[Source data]
---

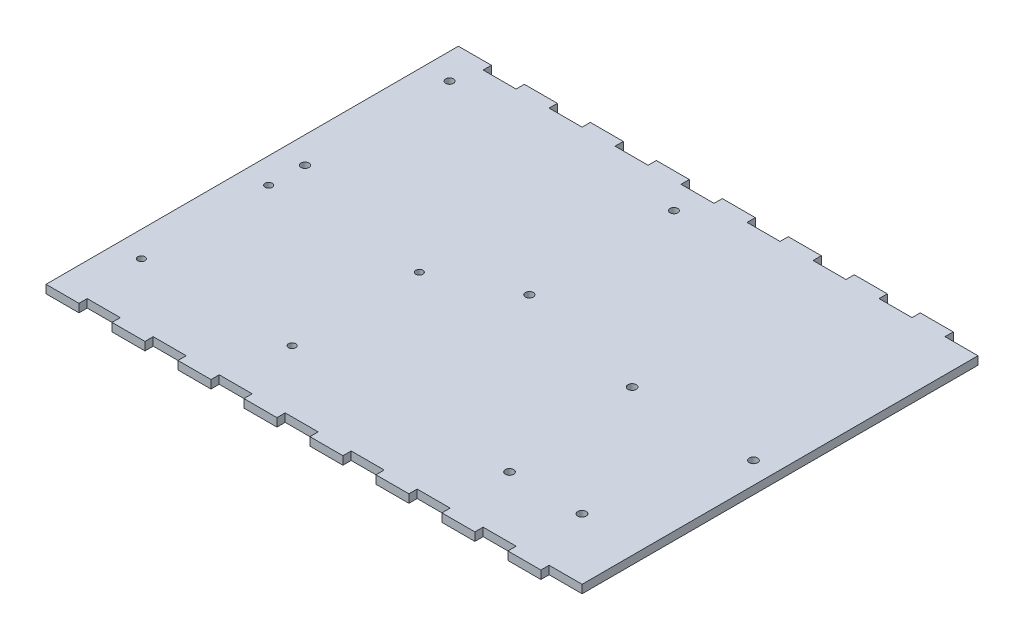
SolidWorks part; units mm, degrees
ref_plane "Front" through (0, 0, 0) normal (0, 0, 1) x (1, 0, 0)
ref_plane "Top" through (0, 0, 0) normal (0, 1, 0) x (1, 0, 0)
ref_plane "Right" through (0, 0, 0) normal (1, 0, 0) x (0, 0, -1)
sketch "Sketch1" plane through (0, 0, 0) normal (0, 1, 0) x (1, 0, 0)
  line L1 (0, 0) -> (203.2, 0)
  line L2 (0, 0) -> (0, 152.4)
  line L3 (0, 152.4) -> (203.2, 152.4)
  line L4 (203.2, 0) -> (203.2, 152.4)
  dimension "D1" = 203.2
  dimension "D2" = 152.4
extrude "Boss-Extrude1" add sketch "Sketch1" along normal blind 3.175
sketch "Sketch2" plane through (0, 3.175, 0) normal (0, 1, 0) x (1, 0, 0)
  line L0 (25.4, 0) -> (25.4, -3.175)
  line L1 (0, 0) -> (12.7, 0)
  line L2 (0, 0) -> (0, -3.175)
  line L3 (0, -3.175) -> (12.7, -3.175)
  line L4 (12.7, 0) -> (12.7, -3.175)
  line L5 (25.4, 0) -> (38.1, 0)
  line L6 (38.1, 0) -> (38.1, -3.175)
  line L7 (25.4, -3.175) -> (38.1, -3.175)
  line L8 (50.8, 0) -> (50.8, -3.175)
  line L9 (50.8, 0) -> (63.5, 0)
  line L10 (63.5, 0) -> (63.5, -3.175)
  line L11 (50.8, -3.175) -> (63.5, -3.175)
  line L12 (76.2, 0) -> (76.2, -3.175)
  line L13 (76.2, 0) -> (88.9, 0)
  line L14 (88.9, 0) -> (88.9, -3.175)
  line L15 (76.2, -3.175) -> (88.9, -3.175)
  line L16 (101.6, 0) -> (101.6, -3.175)
  line L17 (101.6, 0) -> (114.3, 0)
  line L18 (114.3, 0) -> (114.3, -3.175)
  line L19 (101.6, -3.175) -> (114.3, -3.175)
  line L20 (127, 0) -> (127, -3.175)
  line L21 (127, 0) -> (139.7, 0)
  line L22 (139.7, 0) -> (139.7, -3.175)
  line L23 (127, -3.175) -> (139.7, -3.175)
  line L24 (152.4, 0) -> (152.4, -3.175)
  line L25 (152.4, 0) -> (165.1, 0)
  line L26 (165.1, 0) -> (165.1, -3.175)
  line L27 (152.4, -3.175) -> (165.1, -3.175)
  line L28 (177.8, 0) -> (177.8, -3.175)
  line L29 (177.8, 0) -> (190.5, 0)
  line L30 (190.5, 0) -> (190.5, -3.175)
  line L31 (177.8, -3.175) -> (190.5, -3.175)
  line L32 (0, 76.2) -> (203.2, 76.2) construction
  line L33 (0, 152.4) -> (0, 0) construction
  line L34 (203.2, 0) -> (203.2, 152.4) construction
  line L35 (177.8, 152.4) -> (190.5, 152.4)
  line L36 (190.5, 152.4) -> (190.5, 155.575)
  line L37 (177.8, 155.575) -> (190.5, 155.575)
  line L38 (177.8, 152.4) -> (177.8, 155.575)
  line L39 (152.4, 152.4) -> (165.1, 152.4)
  line L40 (165.1, 152.4) -> (165.1, 155.575)
  line L41 (152.4, 155.575) -> (165.1, 155.575)
  line L42 (152.4, 152.4) -> (152.4, 155.575)
  line L43 (127, 152.4) -> (139.7, 152.4)
  line L44 (139.7, 152.4) -> (139.7, 155.575)
  line L45 (127, 155.575) -> (139.7, 155.575)
  line L46 (127, 152.4) -> (127, 155.575)
  line L47 (101.6, 152.4) -> (114.3, 152.4)
  line L48 (114.3, 152.4) -> (114.3, 155.575)
  line L49 (101.6, 155.575) -> (114.3, 155.575)
  line L50 (101.6, 152.4) -> (101.6, 155.575)
  line L51 (76.2, 152.4) -> (88.9, 152.4)
  line L52 (88.9, 152.4) -> (88.9, 155.575)
  line L53 (76.2, 155.575) -> (88.9, 155.575)
  line L54 (76.2, 152.4) -> (76.2, 155.575)
  line L55 (50.8, 152.4) -> (63.5, 152.4)
  line L56 (63.5, 152.4) -> (63.5, 155.575)
  line L57 (50.8, 155.575) -> (63.5, 155.575)
  line L58 (50.8, 152.4) -> (50.8, 155.575)
  line L59 (25.4, 152.4) -> (38.1, 152.4)
  line L60 (38.1, 152.4) -> (38.1, 155.575)
  line L61 (25.4, 155.575) -> (38.1, 155.575)
  line L62 (25.4, 152.4) -> (25.4, 155.575)
  line L63 (0, 155.575) -> (12.7, 155.575)
  line L64 (12.7, 152.4) -> (12.7, 155.575)
  line L65 (0, 152.4) -> (12.7, 152.4)
  line L66 (0, 152.4) -> (0, 155.575)
  dimension "D1" = 3.175
  dimension "D2" = 12.7
  dimension "D3" = 8
extrude "Boss-Extrude2" add sketch "Sketch2" against normal blind 3.175 separate body
sketch "Sketch4" plane through (-65.6185, 3.175, -114.5289) normal (0, 1, 0) x (1, 0, 0)
  line L0 (104.4685, -38.3289) -> (104.4685, -94.3289) construction
  line L1 (74.9685, -94.3289) -> (153.9685, -94.3289) construction
  line L2 (71.9685, -91.3289) -> (71.9685, -41.3289) construction
  line L3 (74.9685, -38.3289) -> (153.9685, -38.3289) construction
  line L4 (156.9685, -91.3289) -> (156.9685, -41.3289) construction
  line L10 (65.6185, 37.8711) -> (65.6185, -114.5289) construction
  line L12 (268.8185, 37.8711) -> (65.6185, 37.8711) construction
  arc A0 (74.9685, -94.3289) -> (71.9685, -91.3289) centre (74.9685, -91.3289) cw construction
  arc A1 (153.9685, -94.3289) -> (156.9685, -91.3289) centre (153.9685, -91.3289) ccw construction
  arc A2 (153.9685, -38.3289) -> (156.9685, -41.3289) centre (153.9685, -41.3289) cw construction
  arc A3 (71.9685, -41.3289) -> (74.9685, -38.3289) centre (74.9685, -41.3289) cw construction
  circle A4 centre (75.4685, -41.8289) radius 1.375
  circle A5 centre (75.4685, -90.8289) radius 1.375
  circle A6 centre (133.4685, -90.8289) radius 1.375
  circle A7 centre (133.4685, -41.8289) radius 1.375
  point P7 (71.9685, -94.3289)
  point P12 (156.9685, -38.3289)
  point P15 (71.9685, -38.3289)
  dimension "D3" = 3
  dimension "D4" = 2.75
  dimension "D1" = 56
  dimension "D2" = 85
  dimension "D5" = 49
  dimension "D6" = 3.5
  dimension "D7" = 3.5
  dimension "D8" = 58
  dimension "D9" = 6.35
  dimension "D10" = 76.2
extrude "Cut-Extrude1" cut sketch "Sketch4" against normal through all
sketch "Sketch5" plane through (-58.3327, 3.175, -175.8659) normal (0, 1, 0) x (0, 0, 1)
  line L0 (86.4754, 202.6489) -> (86.4754, 255.9489) construction
  line L1 (86.4754, 255.9489) -> (150.2443, 255.9489) construction
  line L2 (150.2443, 255.9489) -> (152.3754, 253.8178) construction
  line L3 (155.2754, 240.1078) -> (155.2754, 208.2989) construction
  line L4 (155.2754, 208.2989) -> (152.3754, 205.3989) construction
  line L5 (152.3754, 205.3989) -> (152.3754, 202.6489) construction
  line L6 (152.3754, 202.6489) -> (86.4754, 202.6489) construction
  line L7 (152.3754, 253.8178) -> (152.3754, 243.0078) construction
  line L8 (152.3754, 243.0078) -> (155.2754, 240.1078) construction
  circle A0 centre (100.4754, 205.3989) radius 1.6
  circle A1 centre (101.5754, 253.1989) radius 1.6
  circle A2 centre (152.3754, 210.0989) radius 1.6
  circle A3 centre (152.3754, 237.9989) radius 1.6
  dimension "D3" = 3.2
  dimension "D12" = 50.8
  dimension "D7" = 51.9
  dimension "D1" = 53.3
  dimension "D2" = 68.8
  dimension "D4" = 15.2
  dimension "D5" = 14
  dimension "D6" = 2.75
  dimension "D8" = 51.9
  dimension "D9" = 1.1
  dimension "D10" = 4.7
  dimension "D11" = 2.75
  dimension "D13" = 45
  dimension "D14" = 45
  dimension "D16" = 45
extrude "Cut-Extrude2" cut sketch "Sketch5" against normal through all
sketch "Sketch10" plane through (154.7382, 3.175, -89.7842) normal (0, 1, 0) x (0, 0, -1)
  line L0 (-4.9142, 54.3882) -> (53.9458, 54.3882) construction
  line L1 (-7.2342, 56.7082) -> (-7.2342, 146.0682) construction
  line L2 (-4.9142, 148.3882) -> (53.9458, 148.3882) construction
  line L3 (56.2658, 56.7082) -> (56.2658, 146.0682) construction
  line L4 (-7.2342, 54.3882) -> (56.2658, 148.3882) construction
  line L5 (-7.2342, 148.3882) -> (56.2658, 54.3882) construction
  line L6 (62.6158, 154.7382) -> (-89.7842, 154.7382) construction
  line L7 (62.6158, -48.4618) -> (62.6158, 154.7382) construction
  line L8 (-3.4238, 144.5682) -> (-3.4238, 58.2082) construction
  arc A0 (-4.9142, 54.3882) -> (-7.2342, 56.7082) centre (-4.9142, 56.7082) cw construction
  arc A1 (53.9458, 54.3882) -> (56.2658, 56.7082) centre (53.9458, 56.7082) ccw construction
  arc A2 (53.9458, 148.3882) -> (56.2658, 146.0682) centre (53.9458, 146.0682) cw construction
  arc A3 (-4.9142, 148.3882) -> (-7.2342, 146.0682) centre (-4.9142, 146.0682) ccw construction
  circle A4 centre (-66.0842, 86.8882) radius 1.375 construction
  circle A5 centre (-3.4238, 144.5682) radius 1.535
  circle A6 centre (52.4558, 144.7859) radius 1.5
  circle A7 centre (-3.4238, 58.2082) radius 1.535
  circle A8 centre (52.4558, 58.4259) radius 1.5
  point P0 (24.5158, 101.3882)
  dimension "D3" = 2.32
  dimension "D6" = 3.07
  dimension "D7" = 3
  dimension "D1" = 63.5
  dimension "D2" = 94
  dimension "D4" = 6.35
  dimension "D5" = 6.35
  dimension "D8" = 55.88
  dimension "D9" = 27.94
  dimension "D10" = 43.18
  dimension "D12" = 86.36
  dimension "D11" = 2
extrude "Cut-Extrude3" cut sketch "Sketch10" against normal through all both and the other way through all
combine bodies "Combine1" operation type add bodies to combine 102 104 106 108 110 112 114 116 117 122 103 105 107 109 111 113 115

---

→ PROMPT
What lines above contain "Boss"? Copy them out.

→ EXERCISE SOLUTION
extrude "Boss-Extrude1" add sketch "Sketch1" along normal blind 3.175
extrude "Boss-Extrude2" add sketch "Sketch2" against normal blind 3.175 separate body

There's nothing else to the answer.